We nurtured what was vulnerable as a nation and brought something beautiful to life again. I say, let’s embrace the eagle as our symbol after all, to represent not our allegiance to power, but our commitment to hope.[8]
We follow a Rabbi named Jesus who said that the greatest people are those who serve, and that love is stronger than death, and that forgiveness is more powerful than our ability to destroy each other. Together, we saved the bald eagle from being wiped out. What if we chose to use the power of love, service, and humility in bringing reconciliation to South Sudan, or the Middle East, or along our nation’s borders, or in our political discourse, or in our own homes? My prayer is that in my life, and in our lives together, we might be found to be faithful to Christ’s call to serve, to love, and to forgive. For the sake of the world, may it be so. Amen.
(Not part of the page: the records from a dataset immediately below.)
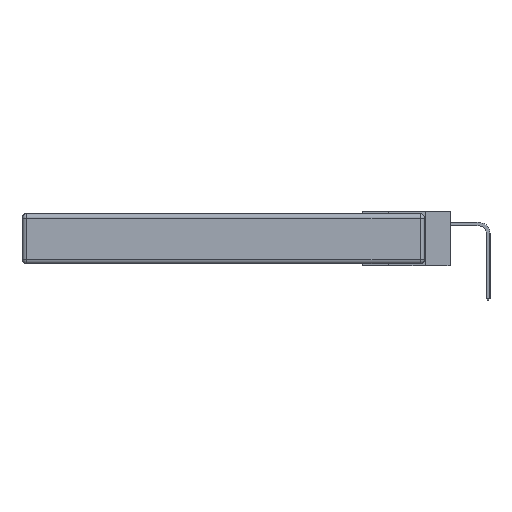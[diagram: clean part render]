
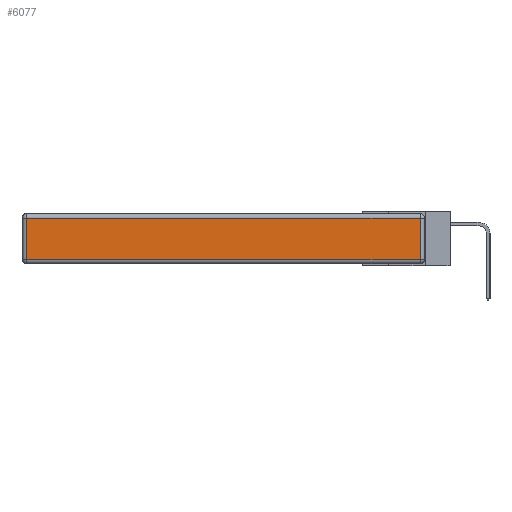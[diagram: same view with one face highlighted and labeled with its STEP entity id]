
A CAD part, left-side view. The second image highlights one B-rep face of the part: STEP entity #6077.
In plain terms, the highlighted planar face has unit normal (-1, 0, 0).
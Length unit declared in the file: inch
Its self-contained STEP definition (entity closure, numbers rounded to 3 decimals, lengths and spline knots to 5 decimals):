
#588 = LINE ( 'NONE', #4617, #5051 ) ;
#631 = CARTESIAN_POINT ( 'NONE',  ( 0., 2.72, -0.313 ) ) ;
#1258 = DIRECTION ( 'NONE',  ( 0., 0., -1. ) ) ;
#1572 = VECTOR ( 'NONE', #8519, 39.37008 ) ;
#1616 = AXIS2_PLACEMENT_3D ( 'NONE', #20110, #8844, #20985 ) ;
#4082 = EDGE_CURVE ( 'NONE', #14599, #18802, #17082, .T. ) ;
#4617 = CARTESIAN_POINT ( 'NONE',  ( 0., 0., -0.313 ) ) ;
#4657 = VECTOR ( 'NONE', #1258, 39.37008 ) ;
#5051 = VECTOR ( 'NONE', #21982, 39.37008 ) ;
#6077 = ADVANCED_FACE ( 'NONE', ( #9668 ), #18214, .T. ) ;
#6243 = ORIENTED_EDGE ( 'NONE', *, *, #8783, .T. ) ;
#6287 = EDGE_CURVE ( 'NONE', #14672, #13716, #22601, .T. ) ;
#8519 = DIRECTION ( 'NONE',  ( 0., 1., 0. ) ) ;
#8783 = EDGE_CURVE ( 'NONE', #13716, #14599, #588, .T. ) ;
#8844 = DIRECTION ( 'NONE',  ( -1., 0., 0. ) ) ;
#9538 = CARTESIAN_POINT ( 'NONE',  ( 0., 2.72, -0.343 ) ) ;
#9668 = FACE_OUTER_BOUND ( 'NONE', #18155, .T. ) ;
#11134 = ORIENTED_EDGE ( 'NONE', *, *, #4082, .T. ) ;
#12857 = ORIENTED_EDGE ( 'NONE', *, *, #14320, .T. ) ;
#13716 = VERTEX_POINT ( 'NONE', #631 ) ;
#13902 = LINE ( 'NONE', #16196, #1572 ) ;
#14320 = EDGE_CURVE ( 'NONE', #18802, #14672, #13902, .T. ) ;
#14599 = VERTEX_POINT ( 'NONE', #22075 ) ;
#14672 = VERTEX_POINT ( 'NONE', #23334 ) ;
#14705 = VECTOR ( 'NONE', #16238, 39.37008 ) ;
#15575 = CARTESIAN_POINT ( 'NONE',  ( 0., 0.03, -0.343 ) ) ;
#15983 = ORIENTED_EDGE ( 'NONE', *, *, #6287, .T. ) ;
#16196 = CARTESIAN_POINT ( 'NONE',  ( 0., 2.75, -0.03 ) ) ;
#16238 = DIRECTION ( 'NONE',  ( 0., 0., 1. ) ) ;
#17082 = LINE ( 'NONE', #15575, #14705 ) ;
#18155 = EDGE_LOOP ( 'NONE', ( #6243, #11134, #12857, #15983 ) ) ;
#18214 = PLANE ( 'NONE',  #1616 ) ;
#18802 = VERTEX_POINT ( 'NONE', #23633 ) ;
#20110 = CARTESIAN_POINT ( 'NONE',  ( 0., 0., -0.343 ) ) ;
#20985 = DIRECTION ( 'NONE',  ( 0., 0., 1. ) ) ;
#21982 = DIRECTION ( 'NONE',  ( 0., -1., 0. ) ) ;
#22075 = CARTESIAN_POINT ( 'NONE',  ( 0., 0.03, -0.313 ) ) ;
#22601 = LINE ( 'NONE', #9538, #4657 ) ;
#23334 = CARTESIAN_POINT ( 'NONE',  ( 0., 2.72, -0.03 ) ) ;
#23633 = CARTESIAN_POINT ( 'NONE',  ( 0., 0.03, -0.03 ) ) ;
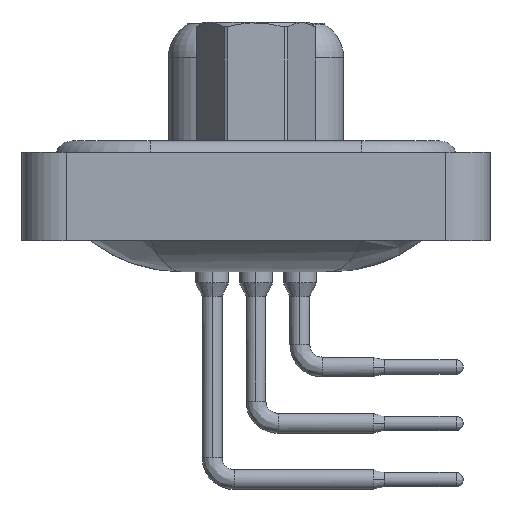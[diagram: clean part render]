
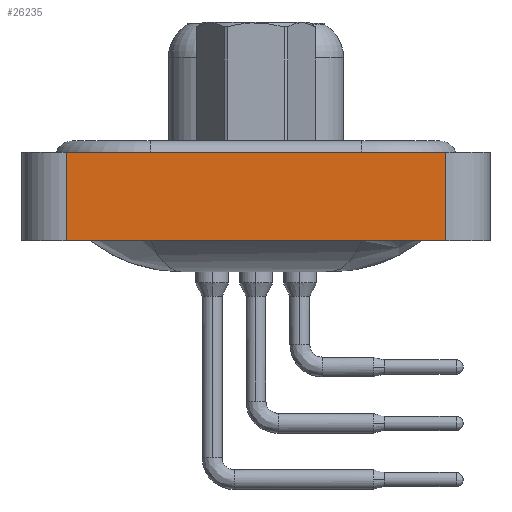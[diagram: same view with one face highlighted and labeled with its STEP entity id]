
A CAD part, left-side view. The second image highlights one B-rep face of the part: STEP entity #26235.
In plain terms, the highlighted planar face has unit normal (-1, 0, 0).
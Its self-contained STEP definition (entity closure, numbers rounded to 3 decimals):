
#745 = VECTOR ( 'NONE', #13163, 1000. ) ;
#1205 = CARTESIAN_POINT ( 'NONE',  ( -7.285, -8.55, 0.4 ) ) ;
#2249 = LINE ( 'NONE', #22730, #745 ) ;
#4696 = CARTESIAN_POINT ( 'NONE',  ( -7.285, -8.55, -3.6 ) ) ;
#5196 = EDGE_CURVE ( 'NONE', #30699, #14393, #5925, .T. ) ;
#5925 = LINE ( 'NONE', #11018, #12298 ) ;
#6791 = FACE_OUTER_BOUND ( 'NONE', #19764, .T. ) ;
#7269 = VECTOR ( 'NONE', #20461, 1000. ) ;
#7501 = DIRECTION ( 'NONE',  ( 0., 0., 1. ) ) ;
#9548 = DIRECTION ( 'NONE',  ( 0., 0., 1. ) ) ;
#10571 = EDGE_CURVE ( 'NONE', #14393, #10778, #23895, .T. ) ;
#10778 = VERTEX_POINT ( 'NONE', #15212 ) ;
#11018 = CARTESIAN_POINT ( 'NONE',  ( -7.285, -8.55, -3.6 ) ) ;
#11788 = EDGE_CURVE ( 'NONE', #27043, #10778, #27196, .T. ) ;
#12298 = VECTOR ( 'NONE', #18033, 1000. ) ;
#12352 = AXIS2_PLACEMENT_3D ( 'NONE', #26596, #21881, #7501 ) ;
#13135 = ORIENTED_EDGE ( 'NONE', *, *, #5196, .T. ) ;
#13163 = DIRECTION ( 'NONE',  ( 0., 0., 1. ) ) ;
#13987 = CARTESIAN_POINT ( 'NONE',  ( -7.285, 8.55, -3.6 ) ) ;
#14393 = VERTEX_POINT ( 'NONE', #23616 ) ;
#14814 = ORIENTED_EDGE ( 'NONE', *, *, #26507, .F. ) ;
#15212 = CARTESIAN_POINT ( 'NONE',  ( -7.285, -8.55, 0.4 ) ) ;
#17013 = PLANE ( 'NONE',  #12352 ) ;
#17461 = VECTOR ( 'NONE', #9548, 1000. ) ;
#18033 = DIRECTION ( 'NONE',  ( 0., -1., 0. ) ) ;
#19043 = ORIENTED_EDGE ( 'NONE', *, *, #10571, .T. ) ;
#19764 = EDGE_LOOP ( 'NONE', ( #19043, #21138, #14814, #13135 ) ) ;
#20461 = DIRECTION ( 'NONE',  ( 0., -1., 0. ) ) ;
#21138 = ORIENTED_EDGE ( 'NONE', *, *, #11788, .F. ) ;
#21205 = CARTESIAN_POINT ( 'NONE',  ( -7.285, 8.55, 0.4 ) ) ;
#21881 = DIRECTION ( 'NONE',  ( -1., 0., 0. ) ) ;
#22730 = CARTESIAN_POINT ( 'NONE',  ( -7.285, 8.55, -3.6 ) ) ;
#23616 = CARTESIAN_POINT ( 'NONE',  ( -7.285, -8.55, -3.6 ) ) ;
#23895 = LINE ( 'NONE', #4696, #17461 ) ;
#26235 = ADVANCED_FACE ( 'NONE', ( #6791 ), #17013, .T. ) ;
#26507 = EDGE_CURVE ( 'NONE', #30699, #27043, #2249, .T. ) ;
#26596 = CARTESIAN_POINT ( 'NONE',  ( -7.285, -8.55, -3.6 ) ) ;
#27043 = VERTEX_POINT ( 'NONE', #21205 ) ;
#27196 = LINE ( 'NONE', #1205, #7269 ) ;
#30699 = VERTEX_POINT ( 'NONE', #13987 ) ;
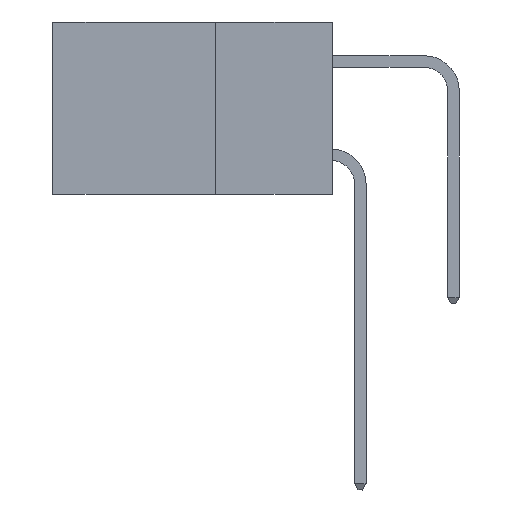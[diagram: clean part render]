
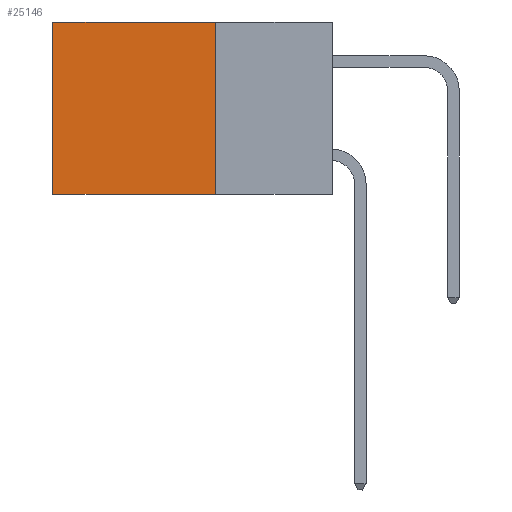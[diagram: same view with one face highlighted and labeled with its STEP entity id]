
A CAD part, left-side view. The second image highlights one B-rep face of the part: STEP entity #25146.
In plain terms, the highlighted planar face has unit normal (-1, 0, 0).
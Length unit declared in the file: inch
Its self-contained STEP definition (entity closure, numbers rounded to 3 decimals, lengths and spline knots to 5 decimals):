
#370 = VERTEX_POINT ( 'NONE', #10926 ) ;
#1783 = CARTESIAN_POINT ( 'NONE',  ( 0.298, 0.6, 0. ) ) ;
#2804 = CARTESIAN_POINT ( 'NONE',  ( 0.298, 0.25, -0.37 ) ) ;
#2990 = DIRECTION ( 'NONE',  ( 0., 0., -1. ) ) ;
#4236 = VERTEX_POINT ( 'NONE', #1783 ) ;
#5523 = EDGE_CURVE ( 'NONE', #370, #4236, #8965, .T. ) ;
#6100 = DIRECTION ( 'NONE',  ( 1., 0., 0. ) ) ;
#6715 = ORIENTED_EDGE ( 'NONE', *, *, #14913, .T. ) ;
#6848 = EDGE_CURVE ( 'NONE', #20896, #21496, #22147, .T. ) ;
#7085 = FACE_OUTER_BOUND ( 'NONE', #12943, .T. ) ;
#7722 = VECTOR ( 'NONE', #2990, 39.37008 ) ;
#8036 = ORIENTED_EDGE ( 'NONE', *, *, #5523, .T. ) ;
#8224 = VECTOR ( 'NONE', #21842, 39.37008 ) ;
#8965 = LINE ( 'NONE', #22410, #8224 ) ;
#9225 = LINE ( 'NONE', #14785, #21054 ) ;
#10926 = CARTESIAN_POINT ( 'NONE',  ( 0.298, 0.25, 0. ) ) ;
#12943 = EDGE_LOOP ( 'NONE', ( #6715, #24784, #20204, #8036 ) ) ;
#13126 = CARTESIAN_POINT ( 'NONE',  ( 0.298, 0.25, 0. ) ) ;
#13711 = EDGE_CURVE ( 'NONE', #370, #20896, #9225, .T. ) ;
#14398 = VECTOR ( 'NONE', #24123, 39.37008 ) ;
#14785 = CARTESIAN_POINT ( 'NONE',  ( 0.298, 0.25, 0. ) ) ;
#14844 = CARTESIAN_POINT ( 'NONE',  ( 0.298, 0.6, 0. ) ) ;
#14913 = EDGE_CURVE ( 'NONE', #4236, #21496, #21032, .T. ) ;
#17184 = DIRECTION ( 'NONE',  ( 0., 0., -1. ) ) ;
#20204 = ORIENTED_EDGE ( 'NONE', *, *, #13711, .F. ) ;
#20283 = PLANE ( 'NONE',  #20392 ) ;
#20392 = AXIS2_PLACEMENT_3D ( 'NONE', #13126, #6100, #22628 ) ;
#20896 = VERTEX_POINT ( 'NONE', #27389 ) ;
#21032 = LINE ( 'NONE', #14844, #7722 ) ;
#21054 = VECTOR ( 'NONE', #17184, 39.37008 ) ;
#21496 = VERTEX_POINT ( 'NONE', #24636 ) ;
#21842 = DIRECTION ( 'NONE',  ( 0., 1., 0. ) ) ;
#22147 = LINE ( 'NONE', #2804, #14398 ) ;
#22410 = CARTESIAN_POINT ( 'NONE',  ( 0.298, 0.25, 0. ) ) ;
#22628 = DIRECTION ( 'NONE',  ( 0., 0., -1. ) ) ;
#24123 = DIRECTION ( 'NONE',  ( 0., 1., 0. ) ) ;
#24636 = CARTESIAN_POINT ( 'NONE',  ( 0.298, 0.6, -0.37 ) ) ;
#24784 = ORIENTED_EDGE ( 'NONE', *, *, #6848, .F. ) ;
#25146 = ADVANCED_FACE ( 'NONE', ( #7085 ), #20283, .F. ) ;
#27389 = CARTESIAN_POINT ( 'NONE',  ( 0.298, 0.25, -0.37 ) ) ;

[1]http://www.slate.com/articles/health_and_science/holidays/2013/11/benjamin_franklin_turkey_symbol_why_he_hated_the_bald_eagle_for_the_great.single.html
[2] http://www.somerset-kentucky.com/features/x962125601/A-Harrowing-Tale-that-Indeed-is-True
[3] Hawks in Flight: The Flight Identification of North American Migrant Raptors by Sutton, C.; Dunne, P.; Sibley, D. (Houghton Mifflin Harcourt, 1989).
[4] Robert Farrar Capon discusses the notion of right- and left-handed power eloquently in The Parables of the Kingdom (Eerdmans, 1985).
[5] Quoted at http://www.quotes-famous-artists.org/barbara-hepworth-famous-quotes
[6] From Brokenness to Community (Paulist Press, 1992), p. 51.
[7] http://www.fws.gov/midwest/eagle/recovery/biologue.html
[8] Consider the Birds: A Provocative Guide to Birds of the Bible (Abingdon, 2013), pp. 102-103.